And that’s the final lesson. All media, including social media, goes back to a basic rule of rhetoric: it’s not about you.
It pains me to see folks place all their faith in the Series of Tubes, whether they’re trying to bust into Hollywood, sell books about Men in Kilts or make a living playing punk rock songs with only three chords.
It’s no skin off my nose if they stubbornly keep on doing it.
As somebody who believes in science, and numbers, and doing whatever works, I’ll just say this: the Series of Tubes is useful for making friends and other things — but it is not a strategy and it is not a plan, not even for Internet Tough Guys.
Here’s the thing: to persuade 10 people, you have to reach thousands–and to persuade thousands, you have to reach millions.
Which means using mass media, which is a completely different animal than social media or social networking.
Digital alone isn’t a strategy. It’s one piece.
There was a good Seattle blog, staffed with professional journalists and getting 400,000 hits a month, and that wasn’t enough to keep it afloat. Because internet hits may seem impressive, but they can be cheap and fleeting.

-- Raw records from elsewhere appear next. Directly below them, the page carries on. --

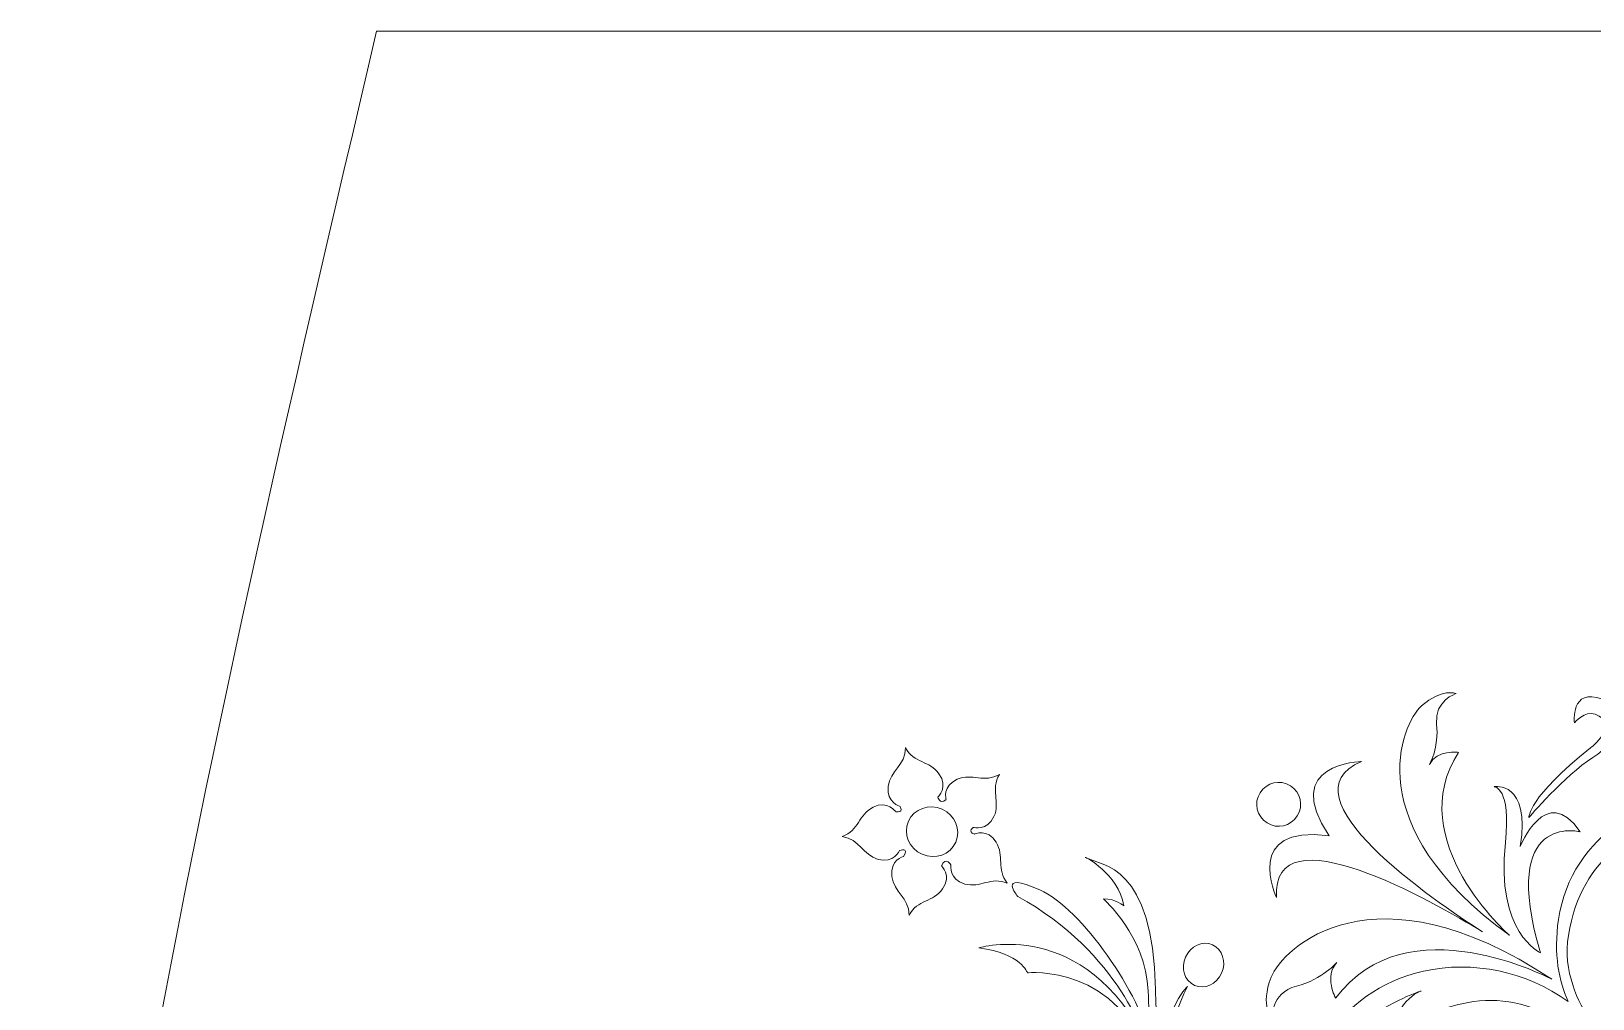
# Model space of a CAD drawing. Header units: millimetres. Extents: x -1420 to -489, y -454 to 898.
# Drawn here: x -740.9 to -604.5, y -152.3 to -67.8 of the extents above; entities that cross this region are included whole.
import ezdxf

# ---------------------------------------------------------------- set-up
doc = ezdxf.new("R2010")
doc.units = ezdxf.units.MM
doc.header["$MEASUREMENT"] = 0
doc.layers.add('Layer 1', color=7, linetype='Continuous')

msp = doc.modelspace()

# ---------------------------------------------------------------- linework, layer by layer
at = {"layer": 'Layer 1', "color": 1, "lineweight": 20}
for points, knots in [([(-710.7467, -453.7659), (-725.83, -389.4326), (-740.9134, -325.0992), (-740.9134, -260.7659), (-740.9134, -260.7659), (-740.9134, -196.4326), (-725.83, -132.0992), (-710.7467, -67.7659)], [0, 0, 0, 0, 0.33333333, 0.33333333, 0.33333333, 0.33333333, 1, 1, 1, 1]), ([(-710.7467, -67.766), (-710.7467, -67.766), (-493.7468, -67.766), (-493.7468, -67.766), (-493.7468, -67.766), (-490.9929, -67.7659), (-488.7466, -69.9335), (-488.7467, -72.591), (-488.7467, -72.591), (-488.7467, -72.591), (-488.7467, -448.9409), (-488.7467, -448.9409), (-488.7467, -448.9409), (-488.7467, -451.5984), (-490.9928, -453.7659), (-493.7467, -453.7659), (-493.7467, -453.7659), (-493.7467, -453.7659), (-710.7467, -453.7659), (-710.7467, -453.7659)], [0, 0, 0, 0, 0.16666667, 0.16666667, 0.16666667, 0.16666667, 0.33333333, 0.33333333, 0.33333333, 0.33333333, 0.5, 0.5, 0.5, 0.5, 0.66666667, 0.66666667, 0.66666667, 0.66666667, 1, 1, 1, 1])]:
    msp.add_open_spline(points, degree=3, knots=knots, dxfattribs=at)
at = {"layer": 'Layer 1', "color": 250, "lineweight": 9}
for points, knots in [([(-619.4941, -126.7112), (-619.4941, -126.7112), (-619.4941, -126.7112), (-619.4941, -126.7112), (-619.4941, -126.7112), (-621.2483, -128.2895), (-625.1167, -137.0908), (-611.8245, -146.7508), (-611.8245, -146.7508), (-611.8245, -146.7508), (-621.2504, -138.4292), (-616.2597, -130.7669), (-616.2597, -130.7669), (-616.2597, -130.7669), (-618.132, -130.5043), (-618.7954, -131.8175), (-618.7954, -131.8175), (-618.7954, -131.8175), (-617.9614, -130.3516), (-618.176, -128.2908), (-618.176, -128.2908), (-618.3906, -126.2299), (-616.4702, -125.6326), (-616.4702, -125.6326), (-616.4702, -125.6326), (-616.4702, -125.6326), (-617.7379, -125.1329), (-619.4941, -126.7112)], [0, 0, 0, 0, 0.125, 0.125, 0.125, 0.125, 0.25, 0.25, 0.25, 0.25, 0.375, 0.375, 0.375, 0.375, 0.5, 0.5, 0.5, 0.5, 0.625, 0.625, 0.625, 0.625, 0.75, 0.75, 0.75, 0.75, 1, 1, 1, 1]), ([(-606.1388, -128.1938), (-606.1388, -128.1938), (-606.1388, -128.1938), (-606.1388, -128.1938), (-606.1388, -128.1938), (-606.1388, -128.1938), (-605.2283, -127.0859), (-604.3373, -127.4365), (-604.3373, -127.4365), (-602.0651, -128.3413), (-604.729, -130.3768), (-604.729, -130.3768), (-604.729, -130.3768), (-610.2376, -134.7441), (-610.1171, -136.4608), (-610.1171, -136.4608), (-610.1171, -136.4608), (-610.1171, -136.4608), (-606.9861, -132.7728), (-604.5478, -131.2226), (-604.5478, -131.2226), (-602.1128, -129.6724), (-601.2332, -127.0337), (-603.6907, -126.1179), (-603.6907, -126.1179), (-606.5215, -125.0613), (-606.1388, -128.1938), (-606.1388, -128.1938)], [0, 0, 0, 0, 0.125, 0.125, 0.125, 0.125, 0.25, 0.25, 0.25, 0.25, 0.375, 0.375, 0.375, 0.375, 0.5, 0.5, 0.5, 0.5, 0.625, 0.625, 0.625, 0.625, 0.75, 0.75, 0.75, 0.75, 1, 1, 1, 1]), ([(-661.3201, -142.695), (-661.3201, -142.695), (-661.3201, -142.695), (-661.3201, -142.695), (-661.3201, -142.695), (-660.4894, -141.5223), (-661.421, -140.6737), (-661.421, -140.6737), (-661.421, -140.6737), (-660.998, -139.7815), (-660.5875, -140.6399), (-660.5875, -140.6399), (-660.5875, -140.6399), (-660.5875, -140.6399), (-660.7707, -141.8843), (-659.3846, -142.2675), (-659.3846, -142.2675), (-657.9993, -142.6474), (-657.1234, -141.5899), (-655.6718, -142.1913), (-655.6718, -142.1913), (-655.6718, -142.1913), (-655.6693, -142.1942), (-655.6693, -142.1942), (-655.6693, -142.1942), (-656.6539, -140.9697), (-655.888, -139.832), (-656.6442, -138.61), (-656.6442, -138.61), (-657.4012, -137.3868), (-658.545, -137.9141), (-658.545, -137.9141), (-658.545, -137.9141), (-659.2144, -137.6507), (-658.6248, -137.3196), (-658.6248, -137.3196), (-658.6248, -137.3196), (-658.6248, -137.3196), (-657.4195, -137.6857), (-656.8356, -136.3696), (-656.8356, -136.3696), (-656.2529, -135.058), (-657.1666, -134.0355), (-656.3579, -132.6901), (-656.3579, -132.6901), (-656.3579, -132.6901), (-656.3559, -132.6885), (-656.3559, -132.6885), (-656.3559, -132.6885), (-657.7119, -133.4801), (-658.7242, -132.5513), (-660.0439, -133.1181), (-660.0439, -133.1181), (-661.3669, -133.6833), (-661.0147, -134.8939), (-661.0147, -134.8939), (-661.0147, -134.8939), (-661.6234, -135.3752), (-661.7289, -134.6581), (-661.7289, -134.6581), (-661.7289, -134.6581), (-661.7289, -134.6581), (-660.8009, -133.8067), (-661.6369, -132.638), (-661.6369, -132.638), (-662.4688, -131.4698), (-663.815, -131.732), (-664.5634, -130.3585), (-664.5634, -130.3585), (-664.5711, -131.9271), (-665.8831, -132.3265), (-666.0684, -133.7521), (-666.0684, -133.7521), (-666.2516, -135.1773), (-665.0296, -135.4888), (-665.0296, -135.4888), (-665.0296, -135.4888), (-665.0296, -135.4888), (-664.6986, -136.0793), (-665.41, -135.96), (-665.41, -135.96), (-665.41, -135.96), (-666.1132, -134.9135), (-667.3934, -135.5646), (-667.3934, -135.5646), (-668.6737, -136.2124), (-668.6114, -137.5831), (-670.0826, -138.1189), (-670.0826, -138.1189), (-668.534, -138.3604), (-668.332, -139.7168), (-666.9508, -140.1126), (-666.9508, -140.1126), (-665.5692, -140.5068), (-665.0789, -139.345), (-665.0789, -139.345), (-665.0789, -139.345), (-665.0789, -139.345), (-664.2193, -139.014), (-664.7259, -139.8601), (-664.7259, -139.8601), (-664.7259, -139.8601), (-665.9479, -140.1757), (-665.7589, -141.5981), (-665.7589, -141.5981), (-665.57, -143.0249), (-664.258, -143.4219), (-664.2429, -144.986), (-664.2429, -144.986), (-663.4978, -143.6072), (-662.152, -143.8653), (-661.3201, -142.695)], [0, 0, 0, 0, 0.03448276, 0.03448276, 0.03448276, 0.03448276, 0.06896552, 0.06896552, 0.06896552, 0.06896552, 0.10344828, 0.10344828, 0.10344828, 0.10344828, 0.13793103, 0.13793103, 0.13793103, 0.13793103, 0.17241379, 0.17241379, 0.17241379, 0.17241379, 0.20689655, 0.20689655, 0.20689655, 0.20689655, 0.24137931, 0.24137931, 0.24137931, 0.24137931, 0.27586207, 0.27586207, 0.27586207, 0.27586207, 0.31034483, 0.31034483, 0.31034483, 0.31034483, 0.34482759, 0.34482759, 0.34482759, 0.34482759, 0.37931034, 0.37931034, 0.37931034, 0.37931034, 0.4137931, 0.4137931, 0.4137931, 0.4137931, 0.44827586, 0.44827586, 0.44827586, 0.44827586, 0.48275862, 0.48275862, 0.48275862, 0.48275862, 0.51724138, 0.51724138, 0.51724138, 0.51724138, 0.55172414, 0.55172414, 0.55172414, 0.55172414, 0.5862069, 0.5862069, 0.5862069, 0.5862069, 0.62068966, 0.62068966, 0.62068966, 0.62068966, 0.65517241, 0.65517241, 0.65517241, 0.65517241, 0.68965517, 0.68965517, 0.68965517, 0.68965517, 0.72413793, 0.72413793, 0.72413793, 0.72413793, 0.75862069, 0.75862069, 0.75862069, 0.75862069, 0.79310345, 0.79310345, 0.79310345, 0.79310345, 0.82758621, 0.82758621, 0.82758621, 0.82758621, 0.86206897, 0.86206897, 0.86206897, 0.86206897, 0.89655172, 0.89655172, 0.89655172, 0.89655172, 0.93103448, 0.93103448, 0.93103448, 0.93103448, 1, 1, 1, 1]), ([(-664.5654, -130.3544), (-664.5654, -130.3544), (-664.5654, -130.3544), (-664.5654, -130.3544), (-664.5654, -130.3544), (-664.5646, -130.3557), (-664.5638, -130.3557), (-664.5634, -130.3585), (-664.5634, -130.3585), (-664.5634, -130.3573), (-664.5634, -130.3573), (-664.5634, -130.3573), (-664.5634, -130.3573), (-664.5634, -130.3573), (-664.5654, -130.3544), (-664.5654, -130.3544)], [0, 0, 0, 0, 0.2, 0.2, 0.2, 0.2, 0.4, 0.4, 0.4, 0.4, 0.6, 0.6, 0.6, 0.6, 1, 1, 1, 1]), ([(-624.7315, -131.5667), (-624.7315, -131.5667), (-624.7315, -131.5667), (-624.7315, -131.5667), (-624.7315, -131.5667), (-624.7315, -131.5667), (-631.8371, -131.6954), (-627.5648, -138.0632), (-627.5648, -138.0632), (-627.5648, -138.0632), (-627.5652, -138.0632), (-627.5652, -138.0632), (-627.5652, -138.0632), (-635.1591, -137.0052), (-632.1666, -143.4512), (-632.1666, -143.4512), (-632.1666, -143.4512), (-632.6239, -135.7132), (-618.4154, -143.847), (-614.163, -146.4478), (-614.163, -146.4478), (-618.3629, -143.7615), (-631.8897, -134.5417), (-624.7315, -131.5667)], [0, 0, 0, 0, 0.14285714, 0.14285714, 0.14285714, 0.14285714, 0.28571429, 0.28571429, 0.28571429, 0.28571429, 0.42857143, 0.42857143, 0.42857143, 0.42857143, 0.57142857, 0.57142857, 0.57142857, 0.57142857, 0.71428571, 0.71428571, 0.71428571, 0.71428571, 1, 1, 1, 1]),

Truly reaching an audience means going to where they are, which isn’t your website, Twitter feed, Instagram home or whatever corner of the interwebs you prefer.
Some people rely on the radio. Maybe they’re like me and drive far to get to work and home every day.
Other folks read their local newspaper every morning with coffee, a ritual that I believe to be sacred and noble.
And yes, there are people who still use their television, even if it’s hooked up to cable, Hulu, Netflix or whatever else is hot this week.
The bottom line is this: If you made a pie chart of where people get their news and entertainment, it would be insanely fragmented. Digital is an important, modern slice, sure. But it’s just a slice.
A real media strategy, a smart one, touches every corner of that media pie.
And now I’ll prove those three things to you with one word, a word that you will definitely recognize and understand.
Here’s that word: SNOOKI.
Does Snooki (real name: I don’t care) have flaws and quirks? Oh yes. She and every other member of Jersey Shore had a solitary talent: creating constant drama, if not fiery train wrecks.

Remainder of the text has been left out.